Карта была талисманом Сейди, но теперь принадлежала Дрессеру и была переименована в преддверии решающей схватки. Теперь их общий девиз: «Победа или смерть…»
– Ну вот, начинается, – сказал Ноттон, глядя, как жокеи садятся в седла.
Жокей Эрнескрофта был облачен в зеленое и желтое, жокей Дрессера щеголял в одеянии, расшитом черными и красными ромбами. Казалось, даже лошади прекрасно представляли, что поставлено на кон…
– Ох, вот ведь черт побери! – воскликнул вдруг Ноттон.
– Что такое? – Дрессер огляделся, словно в поисках непредвиденной угрозы.
– Да Скандальная графиня… Вон там, в мужской одежде…
Дрессер взглянул туда, куда указывал Ноттон, и заметил мужчину, который усиленно пытался прикрыть широкополой шляпой рыжие кудри смеющейся молодой женщины.
– Ты имеешь право протестовать, – сказал Ноттон. – Она вполне может сглазить твой успех!
– Я в сглаз не верю! – И Дрессер сосредоточил свое внимание на вещах куда более важных. Черт подери, Карта начинала всерьез нервничать – переступать тонкими ногами и вскидывать голову. Может быть, ей не нравятся рыжие волосы?
– Мейберри был убит на дуэли из-за ее развратных замашек.
– Чьих замашек?
– Я про леди Мейберри, Скандальную графиню…
– Она спланировала эту дуэль со смертоубийством заранее? – вяло поинтересовался Дрессер.
– О нет! Ну… по крайней мере мне так не кажется… Тем не менее в результате ее супруг мертв, Ванс, его противник, сбежал из страны. Однако же она вновь весела, словно майский мотылек! А ведь Мейберри был славным парнем.
– Ну, если этот славный парень позволял женушке творить всякие безобразия, то он был вдвойне хорош, когда отважился драться со своим оскорбителем!
– Черт тебя побери, Дрессер!
– Мне нет никакого дела ни до леди Мейберри, ни до ее любовников. Ну-ну, успокойся, Карта, успокойся! Если она и дальше станет так танцевать, то выдохнется еще до старта.
– Да, что-то она чересчур возбуждена.
– А что в этом дурного?
– Она воистину красавица!
– А разве нет?
– Но с ней нелегко поладить.
– Они с Джонноксом, моим жокеем, прекрасно ладят.
– Чего-о? О чем это ты? Черт подери тебя, Дрессер: я говорю о Джорджии Мейберри!
– Идите вы оба к черту – и ты, и Джорджия Мейберри! Скачки вот-вот начнутся…
Лошадям предстояло сделать восемь кругов, что составляло ровно две мили. Да пропади пропадом все шлюхи на свете: сейчас настает его звездный час!

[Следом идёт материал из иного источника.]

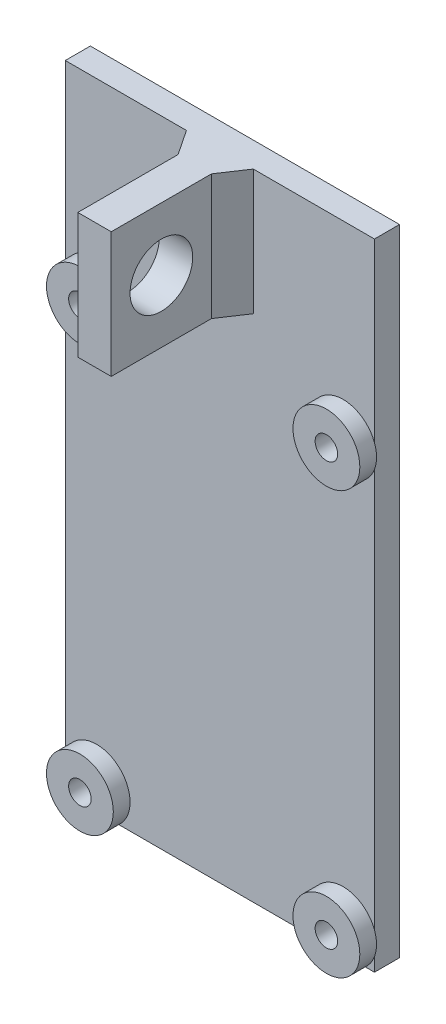
SolidWorks part; units mm, degrees
ref_plane "Plan de face" through (0, 0, 0) normal (0, 0, 1) x (1, 0, 0)
ref_plane "Plan de dessus" through (0, 0, 0) normal (0, 1, 0) x (1, 0, 0)
ref_plane "Plan de droite" through (0, 0, 0) normal (1, 0, 0) x (0, 0, -1)
sketch "Main-Sketch" plane through (0, 0, 0) normal (0, 0, 1) x (1, 0, 0)
  line L1 (0, 0) -> (37, 0)
  line L2 (0, 0) -> (0, 76)
  line L3 (0, 76) -> (37, 76)
  line L4 (37, 0) -> (37, 76)
  dimension "D1" = 37
  dimension "D2" = 76
extrude "Main-Extrusion" add sketch "Main-Sketch" along normal blind 3
sketch "Board-Fix-Sketch" plane through (0, 0, 3) normal (0, 0, 1) x (1, 0, 0)
  line L0 (0, 76) -> (0, 0) construction
  line L1 (37, 0) -> (37, 76) construction
  line L2 (0, 0) -> (37, 0) construction
  circle A0 centre (3.75, 3) radius 4
  circle A1 centre (33.25, 3) radius 4
  circle A2 centre (33.25, 53.5) radius 4
  circle A3 centre (3.75, 53.5) radius 4
  circle A4 centre (3.75, 3) radius 1.35
  circle A5 centre (33.25, 3) radius 1.35
  circle A6 centre (33.25, 53.5) radius 1.35
  circle A7 centre (3.75, 53.5) radius 1.35
  dimension "D4" = 8
  dimension "D5" = 3
  dimension "D7" = 2.7
  dimension "D1" = 3.75
  dimension "D2" = 3.75
  dimension "D3" = 50.5
  dimension "D6" = 29.5
extrude "Board-Fix" add sketch "Board-Fix-Sketch" along normal blind 2
sketch "Jack-Fix-Sketch" plane through (0, 0, 3) normal (0, 0, 1) x (1, 0, 0)
  line L0 (37, 76) -> (0, 76) construction
  line L1 (16.5, 76) -> (20.5, 76)
  line L2 (16.5, 76) -> (16.5, 61)
  line L3 (16.5, 61) -> (20.5, 61)
  line L4 (20.5, 76) -> (20.5, 61)
  point P8 (18.5, 76)
  point P9 (18.5, 76)
  dimension "D1" = 4
  dimension "D2" = 15
extrude "Jack-Fix" add sketch "Jack-Fix-Sketch" along normal blind 15
sketch "Jack-Fix-Hole-Sketch" plane through (20.5, 0, 0) normal (1, 0, 0) x (0, 0, -1)
  line L0 (-18, 61) -> (-18, 76) construction
  circle A0 centre (-12, 68.5) radius 3.75
  point P2 (0, 0)
  point P5 (-18, 68.5)
  dimension "D1" = 7.5
  dimension "D2" = 6
extrude "Jack-Fix-Hole" cut sketch "Jack-Fix-Hole-Sketch" against normal through all
sketch "Jack-Fix-Reinforcement-Sketch" plane through (0, 61, 0) normal (0, -1, 0) x (-1, 0, 0)
  line L0 (-22.5, -3) -> (-14.5, -3)
  line L1 (-14.5, -3) -> (-16.5, -6)
  line L2 (-16.5, -6) -> (-20.5, -6)
  line L3 (-20.5, -6) -> (-22.5, -3)
  line L5 (-16.5, -3) -> (-20.5, -3) construction
  line L6 (-16.5, -18) -> (-16.5, -3) construction
  line L7 (-20.5, -18) -> (-20.5, -3) construction
  point P2 (-14.8552, -1.7787)
  point P7 (-22.2622, -2)
  point P8 (-16.5, -5)
  point P11 (-20.5, -5)
  dimension "D1" = 3
  dimension "D2" = 8
extrude "Jack-Fix-Reinforcement-Extrusion" add sketch "Jack-Fix-Reinforcement-Sketch" against normal up to surface (15 mm away) up to face at (18.5, 76, 6)

Кобыла нервно переступала ногами и, похоже, норовила сбросить Джоннокса с седла. И хоть жокей натянул узду, принуждая лошадь к послушанию, знатоки сокрушенно качали головами.
Дрессер взглянул на распорядителя скачек. Это был сэр Чарлз Банбури, только что беседовавший с Эрнескрофтом. Казалось, он почувствовал, что на него смотрят, и взмахнул флажком.
– Началось, – пробормотал Ноттон.
На самом старте Карта занервничала, и Фэнси Фри тотчас вырвалась вперед, стремительно миновав дуб – как раз там, где дорожка делала крутой поворот. Дрессер, выхватив свою верную подзорную трубу, следил, как Карта сокращает расстояние, отделявшее ее от соперницы.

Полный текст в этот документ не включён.